Objective:

To report a rare case of pemphigus vulgaris complicated by pontine and extrapontine myelinolysis, emphasizing the critical importance of cautious hyponatremia management in autoimmune blistering disorders and the value of multidisciplinary care in preventing severe iatrogenic neurological complications.

Background:

Pemphigus vulgaris is a potentially fatal autoimmune blistering disease characterized by acantholysis and cutaneous-mucosal erosions. Its management requires high-dose immunosuppressants, leading to frequent complications. Hyponatremia is common in severe cases due to fluid loss or SIADH. Rapid sodium correction can provoke osmotic demyelination syndrome, particularly in malnourished or chronically ill patients.

Design/Methods:

A 66-year-old hypertensive woman presented with severe pemphigus vulgaris featuring extensive erosive plaques on the trunk and limbs, with oral and genital involvement. During hospitalization, she developed hospital-acquired pneumonia, steroid-induced diabetes, and severe hyponatremia (112 mEq/L). Hyponatremia was rapidly corrected, triggering neurological deterioration. Brain MRI was performed for diagnosis.

Results:

MRI revealed symmetric T2/FLAIR hyperintensities in the central pons and basal ganglia, confirming extra- and centropontine myelinolysis.

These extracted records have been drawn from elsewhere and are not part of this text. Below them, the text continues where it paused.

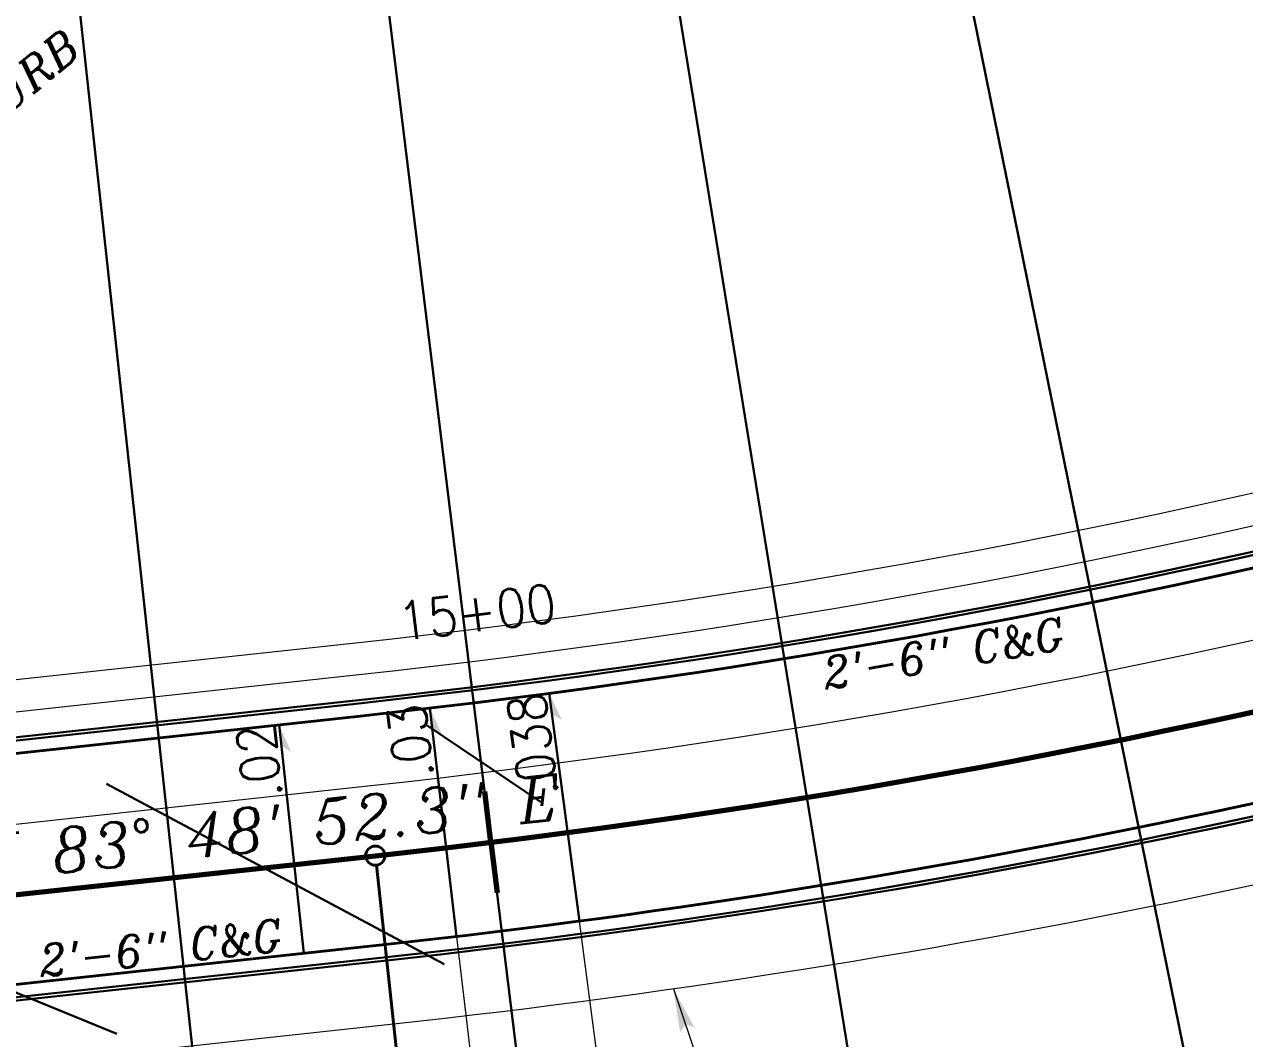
# Model space of a CAD drawing. Extents: x 2081963 to 2085386, y 738291 to 742228.
# Drawn here: x 2082692.3 to 2082883.4, y 740806.4 to 740965.3 of the extents above; entities that cross this region are included whole.
import ezdxf
from ezdxf.enums import TextEntityAlignment as Align

# ---------------------------------------------------------------- set-up
doc = ezdxf.new("R2010")
doc.units = 0
doc.header["$MEASUREMENT"] = 0
for name, color, linetype, lineweight in [('Pattern 1', 5, 'Continuous', 30), ('Pattern 5', 6, 'Continuous', 30), ('Prop Conc 2ft 6in Curb and Gutter', 1, 'Continuous', 30), ('Prop Dimension', 7, 'Continuous', 13), ('Prop DSN Text', 7, 'Continuous', 30), ('Prop EOT', 3, 'Continuous', 40), ('Prop Horizontal Alignment', 2, 'Continuous', 70), ('Prop Horizontal Alignment Direction Label', 2, 'Continuous', 40), ('Prop Horizontal Alignment Station Label', 2, 'Continuous', 40), ('Prop Horizontal Alignment Tick Label', 2, 'Continuous', 40), ('Prop Horizontal Alignment Tick Large', 2, 'Continuous', 70), ('Prop Horizontal Alignment Tick Small', 2, 'Continuous', 30), ('Prop Lane Lines', 9, 'Continuous', 13), ('Prop Superelevation  Arrow CELL', 9, 'Continuous', 30), ('Prop Superelevation Label', 9, 'Continuous', 30), ('Prop Terminator CELL', 7, 'Continuous', 0)]:
    doc.layers.add(name, color=color, linetype=linetype, lineweight=lineweight)
doc.layers.add('Prop Conc 4in Sidewalk', color=51, linetype='Continuous', lineweight=13, true_color=0xffff91)
doc.styles.add('Style-ITALICS', font='ITALICS.shx')
doc.styles.add('Style-STANDARD', font='STANDARD.shx')

# ---------------------------------------------------------------- blocks, each defined once
blk = doc.blocks.new('SUPRT_3')
at = {"layer": 'Prop Superelevation  Arrow CELL'}
blk.add_solid([(0, 0), (-2.140677, -0.691958), (-1.609401, -0.000042)], dxfattribs=at)
blk = doc.blocks.new('SUPLT_3')
at = {"layer": 'Prop Superelevation  Arrow CELL', "extrusion": (0, 0, -1), "xscale": 1.249992, "yscale": 1.249992, "zscale": 1.249992, "rotation": 179.998534}
blk.add_blockref('SUPRT_3', (0, 0), dxfattribs=at)
blk = doc.blocks.new('*U125')
at = {"layer": 'Prop Superelevation  Arrow CELL'}
blk.add_line((2.306435, 17.844267), (7.032364, -17.844185), dxfattribs=at)
at = {"layer": 'Prop Superelevation  Arrow CELL', "extrusion": (0, 0, -1), "xscale": 1.64042, "yscale": 1.64042, "zscale": 1.64042, "rotation": 82.480334}
blk.add_blockref('SUPLT_3', (-2.306435, 17.844267), dxfattribs=at)
at = {"layer": 'Prop Superelevation Label', "style": 'Style-STANDARD'}
blk.add_text('.038', height=6, rotation=97.543323, dxfattribs=at).set_placement((2.642508, 10.111056), align=Align.CENTER)
blk = doc.blocks.new('SUPRT_28')
at = {"layer": 'Prop Superelevation  Arrow CELL'}
blk.add_solid([(0, 0), (-2.140677, -0.691958), (-1.609401, -0.000042)], dxfattribs=at)
blk = doc.blocks.new('SUPLT_28')
at = {"layer": 'Prop Superelevation  Arrow CELL', "extrusion": (0, 0, -1), "xscale": 1.249992, "yscale": 1.249992, "zscale": 1.249992, "rotation": 179.998534}
blk.add_blockref('SUPRT_28', (0, 0), dxfattribs=at)
blk = doc.blocks.new('*U262')
at = {"layer": 'Prop Superelevation  Arrow CELL'}
blk.add_line((2.803611, 17.895219), (6.682508, -17.895201), dxfattribs=at)
at = {"layer": 'Prop Superelevation  Arrow CELL', "extrusion": (0, 0, -1), "xscale": 1.64042, "yscale": 1.64042, "zscale": 1.64042, "rotation": 83.838194}
blk.add_blockref('SUPLT_28', (-2.803611, 17.895219), dxfattribs=at)
at = {"layer": 'Prop Superelevation Label', "style": 'Style-STANDARD'}
blk.add_text('.02', height=6, rotation=96.185463, dxfattribs=at).set_placement((2.640074, 12.54976), align=Align.CENTER)
blk = doc.blocks.new('SUPRT_44')
at = {"layer": 'Prop Superelevation  Arrow CELL'}
blk.add_solid([(0, 0), (-2.140677, -0.691958), (-1.609401, -0.000042)], dxfattribs=at)
blk = doc.blocks.new('SUPLT_44')
at = {"layer": 'Prop Superelevation  Arrow CELL', "extrusion": (0, 0, -1), "xscale": 1.249992, "yscale": 1.249992, "zscale": 1.249992, "rotation": 179.998534}
blk.add_blockref('SUPRT_44', (0, 0), dxfattribs=at)
blk = doc.blocks.new('*U310')
at = {"layer": 'Prop Superelevation  Arrow CELL'}
blk.add_line((2.634645, 17.87754), (6.825574, -17.877685), dxfattribs=at)
at = {"layer": 'Prop Superelevation  Arrow CELL', "extrusion": (0, 0, -1), "xscale": 1.64042, "yscale": 1.64042, "zscale": 1.64042, "rotation": 83.338428}
blk.add_blockref('SUPLT_44', (-2.634645, 17.87754), dxfattribs=at)
at = {"layer": 'Prop Superelevation Label', "style": 'Style-STANDARD'}
blk.add_text('.03', height=6, rotation=96.685229, dxfattribs=at).set_placement((2.541252, 13.056567), align=Align.CENTER)
blk = doc.blocks.new('Terminator_3')
at = {"layer": 'Prop Terminator CELL', "color": 1, "linetype": 'Continuous', "lineweight": 0}
blk.add_solid([(-8.999982, 1.549997), (0, 0), (-7.899984, 0), (-9.049982, -1.599997)], dxfattribs=at)

msp = doc.modelspace()

# ---------------------------------------------------------------- linework, layer by layer
at = {"layer": 'Pattern 1'}
for p, q in [((2082824.23, 741049.22), (2082903.82, 740657.22)), ((2082782.73, 741041.63), (2082846.95, 740646.82)), ((2082740.97, 741035.67), (2082789.73, 740638.66)), ((2082694.1, 741030.49), (2082737.2, 740632.81))]:
    msp.add_line(p, q, dxfattribs=at)
at = {"layer": 'Pattern 5'}
for p, q in [((2082755.36, 740855.49), (2082773.28, 740843.41)), ((2082705.1, 740846.35), (2082758.03, 740818.07)), ((2082632.94, 740837.38), (2082706.74, 740807.15))]:
    msp.add_line(p, q, dxfattribs=at)
at = {"layer": 'Prop Conc 2ft 6in Curb and Gutter'}
for p, q in [((2082655.13, 740849.73), (2082744.6, 740859.43)), ((2082655.19, 740849.24), (2082744.66, 740858.93)), ((2082659.5, 740809.47), (2082748.97, 740819.17)), ((2082659.55, 740808.97), (2082749.02, 740818.67))]:
    msp.add_line(p, q, dxfattribs=at)
for radius, end in [(1255.5, 293.28409), (1256, 293.28409), (1296, 288.19183), (1296.5, 288.19183)]:
    msp.add_arc((2082609.33, 742107.62), radius, 276.18546, end, dxfattribs=at)
at = {"layer": 'Prop Conc 4in Sidewalk', "color": 7, "linetype": 'Continuous'}
for p, q in [((2082654.16, 740858.68), (2082743.63, 740868.38)), ((2082654.7, 740853.71), (2082744.17, 740863.41)), ((2082660.63, 740799.03), (2082750.1, 740808.73))]:
    msp.add_line(p, q, dxfattribs=at)
for radius, end in [(1246.5, 293.28409), (1251.5, 293.28409), (1306.5, 288.17676)]:
    msp.add_arc((2082609.33, 742107.62), radius, 276.18546, end, dxfattribs=at)
at = {"layer": 'Prop Dimension'}
for p, q in [((2082786.85, 740767.02), (2082779.2, 740824.82)), ((2082759.97, 740822.42), (2082766.72, 740764.84)), ((2082793.93, 740814.23), (2082810.6, 740765.26))]:
    msp.add_line(p, q, dxfattribs=at)
at = {"layer": 'Prop EOT'}
for p, q in [((2082655.4, 740847.25), (2082744.87, 740856.95)), ((2082659.28, 740811.46), (2082748.75, 740821.15))]:
    msp.add_line(p, q, dxfattribs=at)
at = {"layer": 'Prop EOT', "extrusion": (0, 0, -1)}
msp.add_arc((-2083013.79, 740681.37), 460, 26.7444, 47.7876, dxfattribs=at)
at = {"layer": 'Prop EOT'}
for radius, end in [(1258, 293.28409), (1294, 288.19183)]:
    msp.add_arc((2082609.33, 742107.62), radius, 276.18546, end, dxfattribs=at)
at = {"layer": 'Prop Horizontal Alignment'}
msp.add_line((2082657.77, 740825.38), (2082747.24, 740835.07), dxfattribs=at)
msp.add_arc((2082609.33, 742107.62), 1280, 276.18546, 293.28409, dxfattribs=at)
at = {"layer": 'Prop Horizontal Alignment Station Label', "color": 2, "linetype": 'Continuous', "lineweight": 40}
msp.add_line((2082757.03, 740744.8), (2082747.4, 740833.58), dxfattribs=at)
msp.add_circle((2082747.24, 740835.07), 1.5, dxfattribs=at)
at = {"layer": 'Prop Horizontal Alignment Tick Large', "color": 2, "linetype": 'Continuous', "lineweight": 70}
for q in [(2082764.37, 740845.11), (2082766.32, 740829.23)]:
    msp.add_line((2082765.35, 740837.17), q, dxfattribs=at)
at = {"layer": 'Prop Horizontal Alignment Tick Small', "color": 2, "linetype": 'Continuous', "lineweight": 30}
msp.add_line((2082864.02, 740853.22), (2082863.03, 740858.12), dxfattribs=at)
at = {"layer": 'Prop Lane Lines'}
for p, q in [((2082678.52, 740838.69), (2082746.06, 740846.01)), ((2082657.77, 740825.38), (2082747.24, 740835.07)), ((2082659.28, 740811.46), (2082748.75, 740821.15))]:
    msp.add_line(p, q, dxfattribs=at)
at = {"layer": 'Prop Lane Lines', "extrusion": (0, 0, -1)}
for radius, start in [(474, 33.969), (460, 26.7444)]:
    msp.add_arc((-2083013.79, 740681.37), radius, start, 47.7876, dxfattribs=at)
at = {"layer": 'Prop Lane Lines'}
for radius, end in [(1269, 293.28409), (1280, 293.28409), (1294, 288.19183)]:
    msp.add_arc((2082609.33, 742107.62), radius, 276.18546, end, dxfattribs=at)

# ---------------------------------------------------------------- block references
at = {"layer": 'Prop Superelevation  Arrow CELL'}
for name, p in [('*U125', (2082772.17, 740842.66)), ('*U262', (2082729.34, 740837.67))]:
    msp.add_blockref(name, p, dxfattribs=at)
at = {"layer": 'Prop Superelevation Label'}
msp.add_blockref('*U310', (2082753.14, 740840.3), dxfattribs=at)
at = {"layer": 'Prop Terminator CELL', "color": 1, "linetype": 'Continuous', "lineweight": 0, "extrusion": (0, 0, -1), "xscale": 0.75, "yscale": 0.75, "zscale": 0.75, "rotation": 71.204766}
msp.add_blockref('Terminator_3', (-2082793.93, 740814.23), dxfattribs=at)

# ---------------------------------------------------------------- texts
at = {"layer": 'Prop DSN Text', "lineweight": 30, "style": 'Style-ITALICS'}
for s, rotation, p in [('8" CURB', 39.6524, (2082689.26, 740950.88)), ('2\'-6" C&G', 9.6406, (2082836.63, 740864.29)), ('2\'-6" C&G', 6.1855, (2082713.83, 740818.12))]:
    msp.add_text(s, height=5, rotation=rotation, dxfattribs=at).set_placement(p, align=Align.CENTER)
at = {"layer": 'Prop Horizontal Alignment Direction Label', "linetype": 'Continuous', "style": 'Style-ITALICS'}
msp.add_text('N 83%%d 48\' 52.3" E', height=7, rotation=6.1855, dxfattribs=at).set_placement((2082730.75, 740835.92), align=Align.CENTER)
at = {"layer": 'Prop Horizontal Alignment Tick Label', "color": 2, "linetype": 'Continuous', "lineweight": 40, "style": 'Style-STANDARD'}
msp.add_text('15+00', height=6, rotation=7.0013, dxfattribs=at).set_placement((2082763.52, 740870.24), align=Align.CENTER)

doc.saveas('drawing.dxf')

The patient received high-dose corticosteroids (1mg/kg initially, increased to 2mg/kg) and L-dopa for movement disorders. Neurological symptoms improved gradually over six weeks. Pemphigus was controlled after three months of immunosuppressive therapy.

Conclusions:

This case highlights myelinolysis as a life-threatening complication of pemphigus management. Hyponatremia correction must be cautious, not exceeding 6-8 mEq/L/24h. MRI is essential for early diagnosis. Multidisciplinary care involving dermatology, neurology, and intensive care is crucial. Rituximab should be considered first-line to minimize corticosteroid-related complications.